— Ты где был, родимый? — спросила его мама, сидевшая, по русскому обычаю, у самовара и разливавшая чай гостям в голубые фарфоровые чашки.
— Я спал и сон видел! — громко выкрикнул Николушка, садясь на свой высокий детский стульчик.
— О чём сон-то?- улыбаясь задал вопрос отец, принимая от жены чашку с чаем.
— О царе Ироде, о том, как его убили гвардейцы, табакеркой врезали, а потом шарфом придушили. И поделом ему, не будет, гад, младенцев убивать.
Рука отца вздрогнула, расплёскивая чай на блюдечко и на белую камчатную скатерть; он внимательно посмотрел на сына, а тот уже обращался деловито к матери:
— Мама, мне побольше клубничного варенья, оно вкусное!
Николай Николаевич переглянулся с Иван Матвеичем. Гость изумлённо и даже чуть испуганно покачал головой.
— Да, кстати, слышали новость? — громко проговорил Иван Матвеевич, переводя разговор в другое русло, — наш родственник Николай Саблуков сейчас охраняет императрицу-мать, Марию Фёдоровну, но в недавней нашей беседе признался мне, что хочет в ближайшее время оставить службу и уехать вообще из страны.

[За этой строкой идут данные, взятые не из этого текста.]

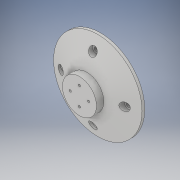
# Autodesk Inventor part: foot
Saved by Autodesk Inventor 2019 (Build 230136000, 136)
## iProperties
Created: 2024-08-06
Part Number: foot
Material: Generisch
Document SubType Name: Modeling
Designer: nic
Density: 1 g/cm^3
Appearance: Vorgabe
Author: nic
Autodesk Inventor part; units mm, degrees
ref_plane "YZ Plane" through (0, 0, 0) normal (1, 0, 0) x (0, 1, 0)
ref_plane "XZ Plane" through (0, 0, 0) normal (0, 1, 0) x (-1, 0, 0)
ref_plane "XY Plane" through (0, 0, 0) normal (0, 0, 1) x (1, 0, 0)
sketch "Skizze1" plane through (0, 0, 0) normal (0, 0, 1) x (1, 0, 0)
  circle A0 centre (0, 0) radius 75
  line L0 (0, 0) -> (13.5, 0) construction
  line L1 (13.5, 0) -> (-13.5, 0) construction
  line L2 (0, 0) -> (0, -13.5) construction
  line L3 (0, -13.5) -> (0, 13.5) construction
  circle A1 centre (0, 13.5) radius 1.6
  circle A2 centre (13.5, 0) radius 1.6
  circle A3 centre (0, -13.5) radius 1.6
  circle A4 centre (-13.5, 0) radius 1.6
  dimension "d0" = 150
  dimension "d1" = 13.5
  dimension "d2" = 27
  dimension "d3" = 13.5
  dimension "d4" = 27
  dimension "d5" = 3.2
  dimension "d6" = 3.2
  dimension "d7" = 3.2
  dimension "d8" = 3.2
  constraints: 8 end point, 5 centre point, 5 coincident, 2 point on line, 1 horizontal, 1 vertical
  measures "d0" diameter of A0
  measures "d1" distance of L0.start L0.end
  measures "d2" distance of L0.end L1.end
  measures "d3" distance of L0.start L2.end
  measures "d4" distance of L2.end L3.end
  measures "d5" diameter of A1
  measures "d6" diameter of A2
  measures "d7" diameter of A3
  measures "d8" diameter of A4
extrude "Extrusion1" add sketch "Skizze1" along normal blind 21
sketch "Skizze2" plane through (0, 0, 0) normal (0, 0, -1) x (-1, 0, 0)
  circle A0 centre (13.5, 0) radius 1.6 projected
  circle A1 centre (0, -13.5) radius 1.6 projected
  circle A2 centre (-13.5, 0) radius 1.6 projected
  circle A3 centre (0, 13.5) radius 1.6 projected
  circle A4 centre (0, 0) radius 75 projected
  circle A5 centre (13.5, 0) radius 1.6 projected
  line L0 (16, 2.5) -> (11, 2.5)
  line L1 (11, 2.5) -> (11, -2.5)
  line L2 (11, -2.5) -> (16, -2.5)
  line L3 (16, -2.5) -> (16, 2.5)
  line L4 (16, 2.5) -> (11, -2.5) construction
  line L5 (11, 2.5) -> (16, -2.5) construction
  line L6 (2.5, 16) -> (-2.5, 16)
  line L7 (-2.5, 16) -> (-2.5, 11)
  line L8 (-2.5, 11) -> (2.5, 11)
  line L9 (2.5, 11) -> (2.5, 16)
  line L10 (2.5, 16) -> (-2.5, 11) construction
  line L11 (-2.5, 16) -> (2.5, 11) construction
  line L12 (-11, 2.5) -> (-16, 2.5)
  line L13 (-16, 2.5) -> (-16, -2.5)
  line L14 (-16, -2.5) -> (-11, -2.5)
  line L15 (-11, -2.5) -> (-11, 2.5)
  line L16 (-11, 2.5) -> (-16, -2.5) construction
  line L17 (-16, 2.5) -> (-11, -2.5) construction
  line L18 (2.5, -11) -> (-2.5, -11)
  line L19 (-2.5, -11) -> (-2.5, -16)
  line L20 (-2.5, -16) -> (2.5, -16)
  line L21 (2.5, -16) -> (2.5, -11)
  line L22 (2.5, -11) -> (-2.5, -16) construction
  line L23 (-2.5, -11) -> (2.5, -16) construction
  dimension "d11" = 5
  dimension "d12" = 5
  dimension "d13" = 5
  dimension "d14" = 5
  dimension "d15" = 5
  dimension "d16" = 5
  dimension "d17" = 5
  dimension "d18" = 5
  constraints: 48 end point, 8 midpoint, 8 parallel, 4 horizontal, 4 perpendicular
  measures "d11" distance of L2.end L1.end
  measures "d12" distance of L1.end L0.end
  measures "d13" distance of L8.end L7.end
  measures "d14" distance of L7.end L6.end
  measures "d15" distance of L14.end L13.end
  measures "d16" distance of L13.end L12.end
  measures "d17" distance of L20.end L19.end
  measures "d18" distance of L19.end L18.end
extrude "Extrusion2" cut sketch "Skizze2" against normal blind 4 contours L3 L2 L1 L0 | L9 L8 L7 L6 | L15 L14 L13 L12 | L21 L20 L19 L18
draft "Flächenverjüngung1" angle -68 pull direction (0, 0, -1) faces at (-33.9595, -66.8711, 14) fixed edges at (-75, 0, 0)
sketch "Skizze3" plane through (0, 0, 21) normal (0, 0, 1) x (1, 0, 0)
  circle A0 centre (0, 0) radius 75 projected
  circle A1 centre (0, 0) radius 65
  dimension "d22" = 10
  constraints: 1 centre point
  measures "d22" radial gap between concentric circles of A0 A1
extrude "Extrusion3" cut sketch "Skizze3" against normal through all
sketch "Skizze4" plane through (0, 0, 21) normal (0, 0, 1) x (1, 0, 0)
  circle A0 centre (0, 0) radius 25
  circle A1 centre (-13.5, 0) radius 1.6 projected
  circle A2 centre (0, -13.5) radius 1.6 projected
  circle A3 centre (13.5, 0) radius 1.6 projected
  circle A4 centre (0, 13.5) radius 1.6 projected
  dimension "d25" = 50
  constraints: 1 centre point, 1 coincident
  measures "d25" diameter of A0
extrude "Extrusion4" add sketch "Skizze4" against normal blind 5
sketch "Skizze5" plane through (0, 0, 21) normal (0, 0, 1) x (1, 0, 0)
  circle A0 centre (0, 0) radius 25 projected
  circle A1 centre (-13.5, 0) radius 1.6 projected
  circle A2 centre (0, -13.5) radius 1.6 projected
  circle A3 centre (13.5, 0) radius 1.6 projected
  circle A4 centre (0, 13.5) radius 1.6 projected
extrude "Extrusion5" add sketch "Skizze5" along normal blind 10
sketch "Skizze6" plane through (0, 0, 0) normal (0, 0, -1) x (-1, 0, 0)
  line L0 (16.5, -16.5) -> (-16.5, -16.5)
  line L1 (-16.5, -16.5) -> (-16.5, 16.5)
  line L2 (-16.5, 16.5) -> (16.5, 16.5)
  line L3 (16.5, 16.5) -> (16.5, -16.5)
  line L4 (16.5, -16.5) -> (-16.5, 16.5) construction
  line L5 (-16.5, -16.5) -> (16.5, 16.5) construction
  point P0 (0, 0)
  dimension "d30" = 33
  dimension "d31" = 33
  constraints: 12 end point, 2 midpoint, 2 parallel, 1 horizontal, 1 perpendicular
  measures "d30" distance of L1.end L2.end
  measures "d31" distance of L0.end L1.end
extrude "Extrusion6" cut sketch "Skizze6" against normal blind 12
sketch "Skizze7" plane through (0, 0, 31) normal (0, 0, 1) x (1, 0, 0)
  circle A0 centre (0, 0) radius 47.044
  circle A1 centre (0, -47.044) radius 3.15
  circle A2 centre (47.044, 0) radius 3.15
  circle A3 centre (0, 47.044) radius 3.15
  circle A4 centre (-47.044, 0) radius 3.15
  dimension "d34" = 6.3
  dimension "d37" = 360
  constraints: 4 centre point, 1 coincident, 1 vertical alignment, 11 other
  measures "d34" diameter of A1
extrude "Extrusion7" cut sketch "Skizze7" against normal through all contours A0 A2 | A0 A2 | A3 A0 | A0 A3 | A1 A0 | A0 A1 | A4 A0 | A0 A4
sketch "Skizze8" plane through (0, 0, 31) normal (0, 0, 1) x (1, 0, 0)
  spline S0 degree 5 poles (-43.894, 0) (-43.894, 0.3302) (-43.9373, 0.6608) (-44.0238, 0.9696) (-44.1378, 1.248) (-44.4172, 1.7647) (-44.585, 1.9986) (-44.7684, 2.2019) (-44.9622, 2.3774) (-45.4726, 2.7569) (-45.7996, 2.9275) (-46.1378, 3.0471) (-46.4823, 3.1191) (-47.3034, 3.1749) (-47.7826, 3.118) (-48.2572, 2.9717) (-48.7217, 2.7241) (-49.3483, 2.1659) (-49.5453, 1.9493) (-49.7259, 1.6974) (-49.8813, 1.4099) (-50.073, 0.8908) (-50.1322, 0.6786) (-50.1732, 0.4563) (-50.194, 0.2281) (-50.194, -0.2281) (-50.1732, -0.4563) (-50.1322, -0.6786) (-50.073, -0.8908) (-49.8813, -1.4099) (-49.7259, -1.6974) (-49.5453, -1.9493) (-49.3483, -2.1659) (-48.7217, -2.7241) (-48.2572, -2.9717) (-47.7826, -3.118) (-47.3034, -3.1749) (-46.4805, -3.119) (-46.1343, -3.0464) (-45.7943, -2.9257) (-45.4658, -2.7534) (-44.9547, -2.3708) (-44.7615, -2.1948) (-44.5788, -1.9909) (-44.4117, -1.7565) (-44.1346, -1.2402) (-44.022, -0.9631) (-43.9367, -0.6562) (-43.894, -0.3278) (-43.894, 0) knots 0 0 0 0 0 0 0.065094 0.065094 0.065094 0.065094 0.134372 0.134372 0.134372 0.134372 0.239898 0.239898 0.239898 0.239898 0.383319 0.383319 0.383319 0.383319 0.45503 0.45503 0.45503 0.45503 0.500006 0.500006 0.500006 0.500006 0.544983 0.544983 0.544983 0.544983 0.616692 0.616692 0.616692 0.616692 0.760109 0.760109 0.760109 0.760109 0.866177 0.866177 0.866177 0.866177 0.935362 0.935362 0.935362 0.935362 1 1 1 1 1 1 projected
  spline S1 degree 5 poles (3.15, -47.044) (3.15, -46.5444) (3.051, -46.0483) (2.8557, -45.5691) (2.5553, -45.1095) (1.9343, -44.5455) (1.7275, -44.3902) (1.4934, -44.2493) (1.2314, -44.1292) (0.7704, -43.9842) (0.5868, -43.9403) (0.3957, -43.9099) (0.2003, -43.8943) (-0.325, -43.8935) (-0.6557, -43.9362) (-0.9647, -44.0222) (-1.2433, -44.1358) (-1.7606, -44.4145) (-1.9947, -44.5819) (-2.1984, -44.7649) (-2.3741, -44.9584) (-2.7558, -45.47) (-2.9276, -45.7988) (-3.0478, -46.139) (-3.1198, -46.4853) (-3.1744, -47.3066) (-3.1173, -47.7839) (-2.9715, -48.2566) (-2.7251, -48.7192) (-2.1695, -49.3449) (-1.9533, -49.5422) (-1.7017, -49.7232) (-1.4144, -49.8791) (-0.8957, -50.0715) (-0.6835, -50.1311) (-0.4613, -50.1725) (-0.2331, -50.1936) (0.2251, -50.1944) (0.4555, -50.1736) (0.6798, -50.1321) (0.8939, -50.0721) (1.4121, -49.8799) (1.6976, -49.7254) (1.9479, -49.5461) (2.1633, -49.3505) (2.6888, -48.7626) (2.9252, -48.3431) (3.0756, -47.9126) (3.15, -47.4768) (3.15, -47.044) knots 0 0 0 0 0 0 0.15092 0.15092 0.15092 0.15092 0.21412 0.21412 0.21412 0.21412 0.25264 0.25264 0.25264 0.25264 0.317704 0.317704 0.317704 0.317704 0.386937 0.386937 0.386937 0.386937 0.493038 0.493038 0.493038 0.493038 0.635903 0.635903 0.635903 0.635903 0.707661 0.707661 0.707661 0.707661 0.752636 0.752636 0.752636 0.752636 0.798003 0.798003 0.798003 0.798003 0.869251 0.869251 0.869251 0.869251 1 1 1 1 1 1 projected
  spline S2 degree 5 poles (3.15, 47.044) (3.15, 47.4768) (3.0756, 47.9125) (2.9252, 48.3431) (2.6888, 48.7626) (2.1633, 49.3505) (1.9479, 49.5461) (1.6976, 49.7254) (1.4121, 49.8799) (0.8957, 50.0715) (0.6835, 50.1311) (0.4613, 50.1725) (0.2331, 50.1936) (-0.2251, 50.1944) (-0.4555, 50.1736) (-0.6798, 50.1321) (-0.8939, 50.0721) (-1.4144, 49.8791) (-1.7017, 49.7232) (-1.9533, 49.5422) (-2.1695, 49.3449) (-2.7251, 48.7192) (-2.9715, 48.2566) (-3.1173, 47.7839) (-3.1744, 47.3066) (-3.1198, 46.4853) (-3.0478, 46.139) (-2.9276, 45.7988) (-2.7558, 45.47) (-2.3741, 44.9584) (-2.1984, 44.7649) (-1.9947, 44.5819) (-1.7606, 44.4145) (-1.2448, 44.1366) (-0.968, 44.0236) (-0.6613, 43.9378) (-0.333, 43.8945) (0.1924, 43.8937) (0.3899, 43.9089) (0.583, 43.9394) (0.7686, 43.9836) (1.2314, 44.1292) (1.4934, 44.2493) (1.7275, 44.3902) (1.9343, 44.5455) (2.5553, 45.1095) (2.8558, 45.5692) (3.051, 46.0483) (3.15, 46.5444) (3.15, 47.044) knots 0 0 0 0 0 0 0.130746 0.130746 0.130746 0.130746 0.201993 0.201993 0.201993 0.201993 0.246967 0.246967 0.246967 0.246967 0.292334 0.292334 0.292334 0.292334 0.364091 0.364091 0.364091 0.364091 0.506958 0.506958 0.506958 0.506958 0.613059 0.613059 0.613059 0.613059 0.682292 0.682292 0.682292 0.682292 0.746965 0.746965 0.746965 0.746965 0.785877 0.785877 0.785877 0.785877 0.849079 0.849079 0.849079 0.849079 1 1 1 1 1 1 projected
  spline S3 degree 2 poles (50.194, 0) (50.194, 5.456) (45.469, 2.728) (40.744, 0) (45.469, -2.728) (50.194, -5.456) (50.194, 0) knots 0 0 0 0.333333 0.333333 0.666667 0.666667 1 1 1 weights 1 0.5 1 0.5 1 0.5 1 projected
  circle A0 centre (0, -47.044) radius 3.15 projected
  circle A1 centre (0, -47.044) radius 6
  circle A2 centre (-47.044, 0) radius 3.15 projected
  circle A3 centre (-47.044, 0) radius 6
  circle A4 centre (0, 47.044) radius 3.15 projected
  circle A5 centre (0, 47.044) radius 6
  circle A6 centre (46.8331, 0) radius 6
  point P0 (0, 0)
  dimension "d41" = 12
  dimension "d42" = 12
  dimension "d43" = 12
  dimension "d44" = 12
  constraints: 4 centre point, 3 coincident, 7 other
  measures "d41" diameter of A1
  measures "d42" diameter of A3
  measures "d43" diameter of A5
  measures "d44" diameter of A6
extrude "Extrusion8" cut sketch "Skizze8" against normal blind 25 contours S1 | A1 | A3 | A5 | A6
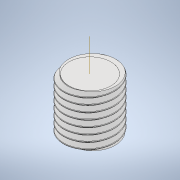
# Autodesk Inventor part: threadTeset
Saved by Autodesk Inventor 2022 (Build 260153000, 153)
## iProperties
Created: 2021-10-06
Part Number: threadTeset
Material: Generic
Document SubType Name: Modeling
Designer: tecware
Density: 1 g/cm^3
Appearance: Default
Author: tecware
Autodesk Inventor part; units mm, degrees
ref_plane "YZ Plane" through (0, 0, 0) normal (1, 0, 0) x (0, 1, 0)
ref_plane "XZ Plane" through (0, 0, 0) normal (0, 1, 0) x (-1, 0, 0)
ref_plane "XY Plane" through (0, 0, 0) normal (0, 0, 1) x (1, 0, 0)
sketch "Sketch3" plane through (0, 0, 0) normal (0, 0, 1) x (1, 0, 0)
  point P0 (0, 0)
sketch "Sketch4" plane through (0, 0, 0) normal (0, 1, 0) x (-1, 0, 0)
  circle A0 centre (0, 0) radius 10
  dimension "d7" = 20
  constraints: 1 centre point, 1 coincident
  measures "d7" diameter of A0
extrude "Extrusion2" add sketch "Sketch4" along normal blind 20
thread "Thread2" size "M20x2.5" class "6g" standard "ANSI Metric M Profile" full length
sketch "Sketch6" plane through (0, 20, 0) normal (1, 0, 0) x (0, 0, 1)
  line L0 (10, 0) -> (10, 20)
  line L1 (10, 20) -> (8.1463, 20)
  line L2 (8.1463, 20) -> (8.1463, 0)
  line L3 (8.1463, 0) -> (10, 0)
  line L4 (0, -7.2713) -> (0, 24.5452) projected
  constraints: 8 end point
revolve "Revolution1" cut sketch "Sketch6" angle 360 about axis through (0, 20, 0) along (0, -1, 0)
sketch "Sketch7" plane through (0, 20, 0) normal (1, 0, 0) x (0, 0, 1)
  line L0 (10, 0) -> (10, 20)
  line L1 (10, 20) -> (8.1463, 20)
  line L2 (8.1463, 20) -> (8.1463, 0)
  line L3 (8.1463, 0) -> (10, 0)
  line L4 (0, -7.2713) -> (0, 24.5452) projected
  constraints: 8 end point
revolve "Revolution2" add sketch "Sketch7" angle 360 about axis through (0, 20, 0) along (0, -1, 0) separate body
sketch "Sketch5" plane through (0, 20, 0) normal (-1, 0, 0) x (0, -1, 0)
  line L0 (-1.4584, -8.2729) -> (-1.2501, -8.2729) construction
  line L1 (0.2082, -9.8737) -> (-0.0001, -10.274) construction
  line L2 (-2.5001, -10.274) -> (-2.7084, -9.8737) construction
  line L3 (-1.0418, -8.2729) -> (-1.2501, -7.8727) construction
  line L4 (-1.2501, -7.8727) -> (-1.4584, -8.2729) construction
  line L5 (-2.5001, -10.274) -> (-2.2918, -9.8737) construction
  line L6 (-1.0418, -8.2729) -> (-0.2084, -9.8737)
  line L7 (-2.7084, -9.8737) -> (-2.2918, -9.8737) construction
  arc A0 (-2.7084, -9.8737) -> (-2.5001, -10.0002) centre (-2.5001, -9.7653) ccw construction
  line L8 (0.2082, -9.8737) -> (-0.2084, -9.8737) construction
  line L9 (-2.5001, -10.274) -> (-2.5001, -9.8737) construction
  line L10 (-0.0001, -10.274) -> (-0.0001, -9.8737) construction
  line L11 (-1.2501, -7.8727) -> (-1.2501, -8.1465) construction
  line L12 (-2.5001, -10.0002) -> (-0.0001, -10.0002)
  arc A1 (-2.5001, -10.0002) -> (-2.2918, -9.8737) centre (-2.5001, -9.7653) ccw
  line L13 (-0.2084, -9.8737) -> (-0.0001, -10.274) construction
  line L14 (-2.2918, -9.8737) -> (-1.4584, -8.2729)
  line L15 (-0.0001, -0.0002) -> (-0.0001, 0.0177)
  line L16 (-0.0001, 0.0177) -> (-0.0001, -0.0002)
  line L17 (-0.0001, -0.0002) -> (0.0334, -0.0002)
  arc A2 (-0.2084, -9.8737) -> (-0.0001, -10.0002) centre (-0.0001, -9.7653) ccw
  arc A3 (-0.0001, -10.0002) -> (0.2082, -9.8737) centre (-0.0001, -9.7653) ccw construction
  arc A4 (-1.2501, -8.1465) -> (-1.4584, -8.2729) centre (-1.2501, -8.3814) ccw
  arc A5 (-1.0418, -8.2729) -> (-1.2501, -8.1465) centre (-1.2501, -8.3814) ccw
  line L18 (-1.2501, -8.1465) -> (-1.2501, -8.2729) construction
  line L19 (-1.2501, -8.2729) -> (-1.0418, -8.2729) construction
  dimension "d10" = 55
  dimension "d11" = 0.4002
  dimension "d12" = 0.4002
  dimension "Sketch5_ThreadOffset" = 0
  dimension "Sketch5_MajorRadius" = 10
  dimension "d15" = 2.5
  dimension "Sketch5_MinorRadius" = 8.1463
  constraints: 40 end point, 12 point on circle, 10 parallel, 8 tangent, 6 centre point, 6 collinear, 2 midpoint, 2 point on line, 1 horizontal, 1 perpendicular, 3 other
  measures "d10" angle of L6 L14
  measures "d11" distance of L3.end L0.end
  measures "d12" distance of L1.end L10.end
  measures "Sketch5_ThreadOffset" distance between parallel lines of L15 L10
  measures "Sketch5_MajorRadius" distance from line of L12 L15.start
  measures "d15" distance from line of L1.end L9
  measures "Sketch5_MinorRadius" distance edge to line of A5 L17
coil "Coil1" sketch "Sketch5" operation cut axis through (0, 20, 0) along (0, -1, 0) pitch 2.5025 turns 9.99001 hand right bodies 2
equation "\"d10\" = d17"
equation "\"d11\" = 0.160083 * Sketch5_Pitch"
equation "\"d12\" = 0.160083 * Sketch5_Pitch"
equation "\"d15\" = Sketch5_Pitch"
equation "\"d17\" = 55deg"
equation "\"Sketch5_Pitch\" = 2.5"
body "Solid2"
body "Solid3"

— Куда же он собрался? — спросила Александра Михайловна, ставя перед Николушкой розетку, полную его любимого варенья.
— Кажется, в Англию, — ответил небрежно дипломат. — А другой твой двоюродный брат, — обратился он к Николаю Николаевичу, — Александр Волков, поручик Преображенского полка, пошёл в гору: получил чин капитана и флигель-адъютанта. Он в ту роковую ночь был со своими солдатами во внутренних покоях императрицы Марии Фёдоровны. Она его теперь особо выделяет и покровительствует ему.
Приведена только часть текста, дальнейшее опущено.